Type out the lines below exactly, from the first through the line holding "#4=PRODUCT('Part','Part','',(#3));", and include no pictures.
-------- DATASET RECORDS --------
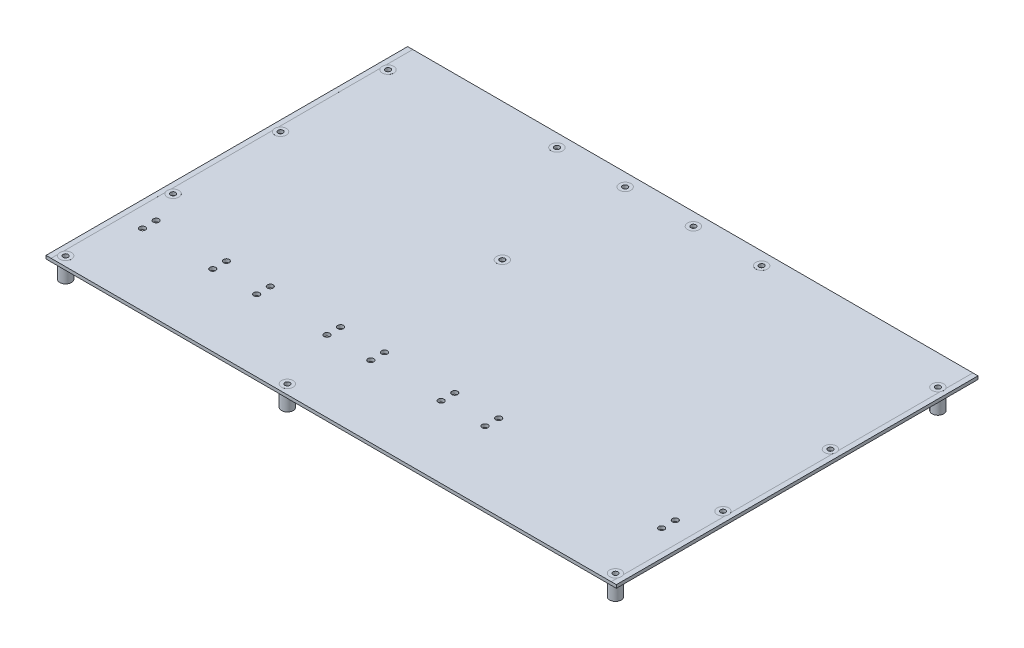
ISO-10303-21;
HEADER;
FILE_DESCRIPTION(('STEP AP214'),'2;1');
FILE_NAME('part.step','',(''),(''),'','','');
FILE_SCHEMA(('AUTOMOTIVE_DESIGN { 1 0 10303 214 1 1 1 1 }'));
ENDSEC;
DATA;
#1=APPLICATION_CONTEXT('core data for automotive mechanical design processes');
#2=APPLICATION_PROTOCOL_DEFINITION('international standard','automotive_design',2000,#1);
#3=PRODUCT_CONTEXT('',#1,'mechanical');
#4=PRODUCT('Part','Part','',(#3));
#5=PRODUCT_RELATED_PRODUCT_CATEGORY('part','',(#4));
#6=PRODUCT_DEFINITION_FORMATION('','',#4);
#7=PRODUCT_DEFINITION_CONTEXT('part definition',#1,'design');
#8=PRODUCT_DEFINITION('design','',#6,#7);
#9=PRODUCT_DEFINITION_SHAPE('','',#8);
#10=(LENGTH_UNIT() NAMED_UNIT(*) SI_UNIT(.MILLI.,.METRE.));
#11=(NAMED_UNIT(*) PLANE_ANGLE_UNIT() SI_UNIT($,.RADIAN.));
#12=(NAMED_UNIT(*) SI_UNIT($,.STERADIAN.) SOLID_ANGLE_UNIT());
#13=UNCERTAINTY_MEASURE_WITH_UNIT(LENGTH_MEASURE(1.E-05),#10,'distance_accuracy_value','');
#14=(GEOMETRIC_REPRESENTATION_CONTEXT(3) GLOBAL_UNCERTAINTY_ASSIGNED_CONTEXT((#13)) GLOBAL_UNIT_ASSIGNED_CONTEXT((#10,
#11,#12)) REPRESENTATION_CONTEXT('',''));
#15=CARTESIAN_POINT('',(0.,0.,0.));
#16=DIRECTION('',(0.,0.,1.));
#17=DIRECTION('',(1.,0.,0.));
#18=AXIS2_PLACEMENT_3D('',#15,#16,#17);
#19=CARTESIAN_POINT('',(-172.72,2.3622,0.));
#20=DIRECTION('',(0.,-1.,0.));
#21=DIRECTION('',(0.,0.,-1.));
#22=AXIS2_PLACEMENT_3D('',#19,#20,#21);
#23=PLANE('',#22);
#24=CARTESIAN_POINT('',(49.53,2.3622,9.525));
#25=DIRECTION('',(0.,-1.,0.));
#26=DIRECTION('',(0.,0.,-1.));
#27=AXIS2_PLACEMENT_3D('',#24,#25,#26);
#28=CIRCLE('',#27,4.318);
#29=CARTESIAN_POINT('',(49.53,2.3622,5.207));
#30=VERTEX_POINT('',#29);
#31=EDGE_CURVE('E847',#30,#30,#28,.F.);
#32=ORIENTED_EDGE('',*,*,#31,.F.);
#33=EDGE_LOOP('',(#32));
#34=FACE_BOUND('',#33,.T.);
#35=CARTESIAN_POINT('',(-52.07,2.3622,9.525));
#36=DIRECTION('',(0.,-1.,0.));
#37=DIRECTION('',(0.,0.,-1.));
#38=AXIS2_PLACEMENT_3D('',#35,#36,#37);
#39=CIRCLE('',#38,4.318);
#40=CARTESIAN_POINT('',(-52.07,2.3622,5.207));
#41=VERTEX_POINT('',#40);
#42=EDGE_CURVE('E531',#41,#41,#39,.F.);
#43=ORIENTED_EDGE('',*,*,#42,.F.);
#44=EDGE_LOOP('',(#43));
#45=FACE_BOUND('',#44,.T.);
#46=CARTESIAN_POINT('',(100.8174,2.3622,205.779379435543));
#47=DIRECTION('',(0.,-1.,0.));
#48=DIRECTION('',(0.,0.,-1.));
#49=AXIS2_PLACEMENT_3D('',#46,#47,#48);
#50=CIRCLE('',#49,2.159);
#51=CARTESIAN_POINT('',(100.8174,2.3622,203.620379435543));
#52=VERTEX_POINT('',#51);
#53=EDGE_CURVE('E512',#52,#52,#50,.T.);
#54=ORIENTED_EDGE('',*,*,#53,.T.);
#55=EDGE_LOOP('',(#54));
#56=FACE_BOUND('',#55,.T.);
#57=CARTESIAN_POINT('',(100.8174,2.3622,215.939379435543));
#58=DIRECTION('',(0.,-1.,0.));
#59=DIRECTION('',(0.,0.,-1.));
#60=AXIS2_PLACEMENT_3D('',#57,#58,#59);
#61=CIRCLE('',#60,2.159);
#62=CARTESIAN_POINT('',(100.8174,2.3622,213.780379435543));
#63=VERTEX_POINT('',#62);
#64=EDGE_CURVE('E538',#63,#63,#61,.T.);
#65=ORIENTED_EDGE('',*,*,#64,.T.);
#66=EDGE_LOOP('',(#65));
#67=FACE_BOUND('',#66,.T.);
#68=CARTESIAN_POINT('',(68.1414,2.3622,205.779379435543));
#69=DIRECTION('',(0.,-1.,0.));
#70=DIRECTION('',(0.,0.,-1.));
#71=AXIS2_PLACEMENT_3D('',#68,#69,#70);
#72=CIRCLE('',#71,2.159);
#73=CARTESIAN_POINT('',(68.1414,2.3622,203.620379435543));
#74=VERTEX_POINT('',#73);
#75=EDGE_CURVE('E539',#74,#74,#72,.T.);
#76=ORIENTED_EDGE('',*,*,#75,.T.);
#77=EDGE_LOOP('',(#76));
#78=FACE_BOUND('',#77,.T.);
#79=CARTESIAN_POINT('',(68.1414,2.3622,215.939379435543));
#80=DIRECTION('',(0.,-1.,0.));
#81=DIRECTION('',(0.,0.,-1.));
#82=AXIS2_PLACEMENT_3D('',#79,#80,#81);
#83=CIRCLE('',#82,2.159);
#84=CARTESIAN_POINT('',(68.1414,2.3622,213.780379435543));
#85=VERTEX_POINT('',#84);
#86=EDGE_CURVE('E542',#85,#85,#83,.T.);
#87=ORIENTED_EDGE('',*,*,#86,.T.);
#88=EDGE_LOOP('',(#87));
#89=FACE_BOUND('',#88,.T.);
#90=CARTESIAN_POINT('',(15.8174,2.3622,205.779379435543));
#91=DIRECTION('',(0.,-1.,0.));
#92=DIRECTION('',(0.,0.,-1.));
#93=AXIS2_PLACEMENT_3D('',#90,#91,#92);
#94=CIRCLE('',#93,2.159);
#95=CARTESIAN_POINT('',(15.8174,2.3622,203.620379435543));
#96=VERTEX_POINT('',#95);
#97=EDGE_CURVE('E545',#96,#96,#94,.T.);
#98=ORIENTED_EDGE('',*,*,#97,.T.);
#99=EDGE_LOOP('',(#98));
#100=FACE_BOUND('',#99,.T.);
#101=CARTESIAN_POINT('',(15.8174,2.3622,215.939379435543));
#102=DIRECTION('',(0.,-1.,0.));
#103=DIRECTION('',(0.,0.,-1.));
#104=AXIS2_PLACEMENT_3D('',#101,#102,#103);
#105=CIRCLE('',#104,2.159);
#106=CARTESIAN_POINT('',(15.8174,2.3622,213.780379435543));
#107=VERTEX_POINT('',#106);
#108=EDGE_CURVE('E548',#107,#107,#105,.T.);
#109=ORIENTED_EDGE('',*,*,#108,.T.);
#110=EDGE_LOOP('',(#109));
#111=FACE_BOUND('',#110,.T.);
#112=CARTESIAN_POINT('',(-16.8586,2.3622,205.779379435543));
#113=DIRECTION('',(0.,-1.,0.));
#114=DIRECTION('',(0.,0.,-1.));
#115=AXIS2_PLACEMENT_3D('',#112,#113,#114);
#116=CIRCLE('',#115,2.159);
#117=CARTESIAN_POINT('',(-16.8586,2.3622,203.620379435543));
#118=VERTEX_POINT('',#117);
#119=EDGE_CURVE('E549',#118,#118,#116,.T.);
#120=ORIENTED_EDGE('',*,*,#119,.T.);
#121=EDGE_LOOP('',(#120));
#122=FACE_BOUND('',#121,.T.);
#123=CARTESIAN_POINT('',(-16.8586,2.3622,215.939379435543));
#124=DIRECTION('',(0.,-1.,0.));
#125=DIRECTION('',(0.,0.,-1.));
#126=AXIS2_PLACEMENT_3D('',#123,#124,#125);
#127=CIRCLE('',#126,2.159);
#128=CARTESIAN_POINT('',(-16.8586,2.3622,213.780379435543));
#129=VERTEX_POINT('',#128);
#130=EDGE_CURVE('E552',#129,#129,#127,.T.);
#131=ORIENTED_EDGE('',*,*,#130,.T.);
#132=EDGE_LOOP('',(#131));
#133=FACE_BOUND('',#132,.T.);
#134=CARTESIAN_POINT('',(-69.1826,2.3622,205.779379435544));
#135=DIRECTION('',(0.,-1.,0.));
#136=DIRECTION('',(0.,0.,-1.));
#137=AXIS2_PLACEMENT_3D('',#134,#135,#136);
#138=CIRCLE('',#137,2.159);
#139=CARTESIAN_POINT('',(-69.1826,2.3622,203.620379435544));
#140=VERTEX_POINT('',#139);
#141=EDGE_CURVE('E555',#140,#140,#138,.T.);
#142=ORIENTED_EDGE('',*,*,#141,.T.);
#143=EDGE_LOOP('',(#142));
#144=FACE_BOUND('',#143,.T.);
#145=CARTESIAN_POINT('',(-69.1826,2.3622,215.939379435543));
#146=DIRECTION('',(0.,-1.,0.));
#147=DIRECTION('',(0.,0.,-1.));
#148=AXIS2_PLACEMENT_3D('',#145,#146,#147);
#149=CIRCLE('',#148,2.159);
#150=CARTESIAN_POINT('',(-69.1826,2.3622,213.780379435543));
#151=VERTEX_POINT('',#150);
#152=EDGE_CURVE('E558',#151,#151,#149,.T.);
#153=ORIENTED_EDGE('',*,*,#152,.T.);
#154=EDGE_LOOP('',(#153));
#155=FACE_BOUND('',#154,.T.);
#156=CARTESIAN_POINT('',(-101.8586,2.3622,215.939379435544));
#157=DIRECTION('',(0.,-1.,0.));
#158=DIRECTION('',(0.,0.,-1.));
#159=AXIS2_PLACEMENT_3D('',#156,#157,#158);
#160=CIRCLE('',#159,2.159);
#161=CARTESIAN_POINT('',(-101.8586,2.3622,213.780379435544));
#162=VERTEX_POINT('',#161);
#163=EDGE_CURVE('E561',#162,#162,#160,.T.);
#164=ORIENTED_EDGE('',*,*,#163,.T.);
#165=EDGE_LOOP('',(#164));
#166=FACE_BOUND('',#165,.T.);
#167=CARTESIAN_POINT('',(-154.1826,2.3622,215.939379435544));
#168=DIRECTION('',(0.,-1.,0.));
#169=DIRECTION('',(0.,0.,-1.));
#170=AXIS2_PLACEMENT_3D('',#167,#168,#169);
#171=CIRCLE('',#170,2.159);
#172=CARTESIAN_POINT('',(-154.1826,2.3622,213.780379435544));
#173=VERTEX_POINT('',#172);
#174=EDGE_CURVE('E578',#173,#173,#171,.T.);
#175=ORIENTED_EDGE('',*,*,#174,.T.);
#176=EDGE_LOOP('',(#175));
#177=FACE_BOUND('',#176,.T.);
#178=CARTESIAN_POINT('',(0.,2.3622,102.235));
#179=DIRECTION('',(0.,-1.,0.));
#180=DIRECTION('',(0.,0.,-1.));
#181=AXIS2_PLACEMENT_3D('',#178,#179,#180);
#182=CIRCLE('',#181,4.318);
#183=CARTESIAN_POINT('',(0.,2.3622,97.917));
#184=VERTEX_POINT('',#183);
#185=EDGE_CURVE('E669',#184,#184,#182,.F.);
#186=ORIENTED_EDGE('',*,*,#185,.F.);
#187=EDGE_LOOP('',(#186));
#188=FACE_BOUND('',#187,.T.);
#189=CARTESIAN_POINT('',(0.,2.3622,262.255));
#190=DIRECTION('',(0.,-1.,0.));
#191=DIRECTION('',(0.,0.,-1.));
#192=AXIS2_PLACEMENT_3D('',#189,#190,#191);
#193=CIRCLE('',#192,4.318);
#194=CARTESIAN_POINT('',(0.,2.3622,257.937));
#195=VERTEX_POINT('',#194);
#196=EDGE_CURVE('E601',#195,#195,#193,.F.);
#197=ORIENTED_EDGE('',*,*,#196,.F.);
#198=EDGE_LOOP('',(#197));
#199=FACE_BOUND('',#198,.T.);
#200=DIRECTION('',(1.,0.,0.));
#201=VECTOR('',#200,1.);
#202=CARTESIAN_POINT('',(-172.72,2.3622,269.24));
#203=LINE('',#202,#201);
#204=CARTESIAN_POINT('',(-168.91,2.3622,269.24));
#205=VERTEX_POINT('',#204);
#206=CARTESIAN_POINT('',(248.077170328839,2.3622,269.24));
#207=VERTEX_POINT('',#206);
#208=EDGE_CURVE('E581',#205,#207,#203,.T.);
#209=ORIENTED_EDGE('',*,*,#208,.T.);
#210=DIRECTION('',(0.,0.,1.));
#211=VECTOR('',#210,1.);
#212=CARTESIAN_POINT('',(248.077170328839,2.3622,0.));
#213=LINE('',#212,#211);
#214=CARTESIAN_POINT('',(248.077170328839,2.3622,264.287));
#215=VERTEX_POINT('',#214);
#216=EDGE_CURVE('E397',#215,#207,#213,.T.);
#217=ORIENTED_EDGE('',*,*,#216,.F.);
#218=CARTESIAN_POINT('',(244.267170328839,2.3622,262.255));
#219=DIRECTION('',(0.,-1.,0.));
#220=DIRECTION('',(0.,0.,-1.));
#221=AXIS2_PLACEMENT_3D('',#218,#219,#220);
#222=CIRCLE('',#221,4.318);
#223=CARTESIAN_POINT('',(248.077170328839,2.3622,260.223));
#224=VERTEX_POINT('',#223);
#225=EDGE_CURVE('E498',#224,#215,#222,.F.);
#226=ORIENTED_EDGE('',*,*,#225,.F.);
#227=CARTESIAN_POINT('',(248.077170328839,2.3622,184.277));
#228=VERTEX_POINT('',#227);
#229=EDGE_CURVE('E393',#228,#224,#213,.T.);
#230=ORIENTED_EDGE('',*,*,#229,.F.);
#231=CARTESIAN_POINT('',(244.267170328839,2.3622,182.245));
#232=DIRECTION('',(0.,-1.,0.));
#233=DIRECTION('',(0.,0.,-1.));
#234=AXIS2_PLACEMENT_3D('',#231,#232,#233);
#235=CIRCLE('',#234,4.318);
#236=CARTESIAN_POINT('',(248.077170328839,2.3622,180.213));
#237=VERTEX_POINT('',#236);
#238=EDGE_CURVE('E495',#237,#228,#235,.F.);
#239=ORIENTED_EDGE('',*,*,#238,.F.);
#240=CARTESIAN_POINT('',(248.077170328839,2.3622,104.267));
#241=VERTEX_POINT('',#240);
#242=EDGE_CURVE('E410',#241,#237,#213,.T.);
#243=ORIENTED_EDGE('',*,*,#242,.F.);
#244=CARTESIAN_POINT('',(244.267170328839,2.3622,102.235));
#245=DIRECTION('',(0.,-1.,0.));
#246=DIRECTION('',(0.,0.,-1.));
#247=AXIS2_PLACEMENT_3D('',#244,#245,#246);
#248=CIRCLE('',#247,4.318);
#249=CARTESIAN_POINT('',(248.077170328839,2.3622,100.203));
#250=VERTEX_POINT('',#249);
#251=EDGE_CURVE('E492',#250,#241,#248,.F.);
#252=ORIENTED_EDGE('',*,*,#251,.F.);
#253=CARTESIAN_POINT('',(248.077170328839,2.3622,24.257));
#254=VERTEX_POINT('',#253);
#255=EDGE_CURVE('E422',#254,#250,#213,.T.);
#256=ORIENTED_EDGE('',*,*,#255,.F.);
#257=CARTESIAN_POINT('',(244.267170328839,2.3622,22.225));
#258=DIRECTION('',(0.,-1.,0.));
#259=DIRECTION('',(0.,0.,-1.));
#260=AXIS2_PLACEMENT_3D('',#257,#258,#259);
#261=CIRCLE('',#260,4.318);
#262=CARTESIAN_POINT('',(248.077170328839,2.3622,20.193));
#263=VERTEX_POINT('',#262);
#264=EDGE_CURVE('E489',#263,#254,#261,.F.);
#265=ORIENTED_EDGE('',*,*,#264,.F.);
#266=CARTESIAN_POINT('',(248.077170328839,2.3622,0.));
#267=VERTEX_POINT('',#266);
#268=EDGE_CURVE('E396',#267,#263,#213,.T.);
#269=ORIENTED_EDGE('',*,*,#268,.F.);
#270=DIRECTION('',(-1.,0.,0.));
#271=VECTOR('',#270,1.);
#272=CARTESIAN_POINT('',(-172.72,2.3622,0.));
#273=LINE('',#272,#271);
#274=CARTESIAN_POINT('',(-168.91,2.3622,0.));
#275=VERTEX_POINT('',#274);
#276=EDGE_CURVE('E574',#267,#275,#273,.T.);
#277=ORIENTED_EDGE('',*,*,#276,.T.);
#278=DIRECTION('',(0.,0.,-1.));
#279=VECTOR('',#278,1.);
#280=CARTESIAN_POINT('',(-168.91,2.3622,0.));
#281=LINE('',#280,#279);
#282=CARTESIAN_POINT('',(-168.91,2.3622,20.193));
#283=VERTEX_POINT('',#282);
#284=EDGE_CURVE('E707',#283,#275,#281,.T.);
#285=ORIENTED_EDGE('',*,*,#284,.F.);
#286=CARTESIAN_POINT('',(-165.1,2.3622,22.225));
#287=DIRECTION('',(0.,-1.,0.));
#288=DIRECTION('',(0.,0.,-1.));
#289=AXIS2_PLACEMENT_3D('',#286,#287,#288);
#290=CIRCLE('',#289,4.318);
#291=CARTESIAN_POINT('',(-168.91,2.3622,24.257));
#292=VERTEX_POINT('',#291);
#293=EDGE_CURVE('E621',#292,#283,#290,.F.);
#294=ORIENTED_EDGE('',*,*,#293,.F.);
#295=CARTESIAN_POINT('',(-168.91,2.3622,100.203));
#296=VERTEX_POINT('',#295);
#297=EDGE_CURVE('E730',#296,#292,#281,.T.);
#298=ORIENTED_EDGE('',*,*,#297,.F.);
#299=CARTESIAN_POINT('',(-165.1,2.3622,102.235));
#300=DIRECTION('',(0.,-1.,0.));
#301=DIRECTION('',(0.,0.,-1.));
#302=AXIS2_PLACEMENT_3D('',#299,#300,#301);
#303=CIRCLE('',#302,4.318);
#304=CARTESIAN_POINT('',(-168.91,2.3622,104.267));
#305=VERTEX_POINT('',#304);
#306=EDGE_CURVE('E643',#305,#296,#303,.F.);
#307=ORIENTED_EDGE('',*,*,#306,.F.);
#308=CARTESIAN_POINT('',(-168.91,2.3622,180.213));
#309=VERTEX_POINT('',#308);
#310=EDGE_CURVE('E589',#309,#305,#281,.T.);
#311=ORIENTED_EDGE('',*,*,#310,.F.);
#312=CARTESIAN_POINT('',(-165.1,2.3622,182.245));
#313=DIRECTION('',(0.,-1.,0.));
#314=DIRECTION('',(0.,0.,-1.));
#315=AXIS2_PLACEMENT_3D('',#312,#313,#314);
#316=CIRCLE('',#315,4.318);
#317=CARTESIAN_POINT('',(-168.91,2.3622,184.277));
#318=VERTEX_POINT('',#317);
#319=EDGE_CURVE('E600',#318,#309,#316,.F.);
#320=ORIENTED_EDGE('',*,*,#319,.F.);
--------
[YOUR SOLUTION]
ISO-10303-21;
HEADER;
FILE_DESCRIPTION(('STEP AP214'),'2;1');
FILE_NAME('part.step','',(''),(''),'','','');
FILE_SCHEMA(('AUTOMOTIVE_DESIGN { 1 0 10303 214 1 1 1 1 }'));
ENDSEC;
DATA;
#1=APPLICATION_CONTEXT('core data for automotive mechanical design processes');
#2=APPLICATION_PROTOCOL_DEFINITION('international standard','automotive_design',2000,#1);
#3=PRODUCT_CONTEXT('',#1,'mechanical');
#4=PRODUCT('Part','Part','',(#3));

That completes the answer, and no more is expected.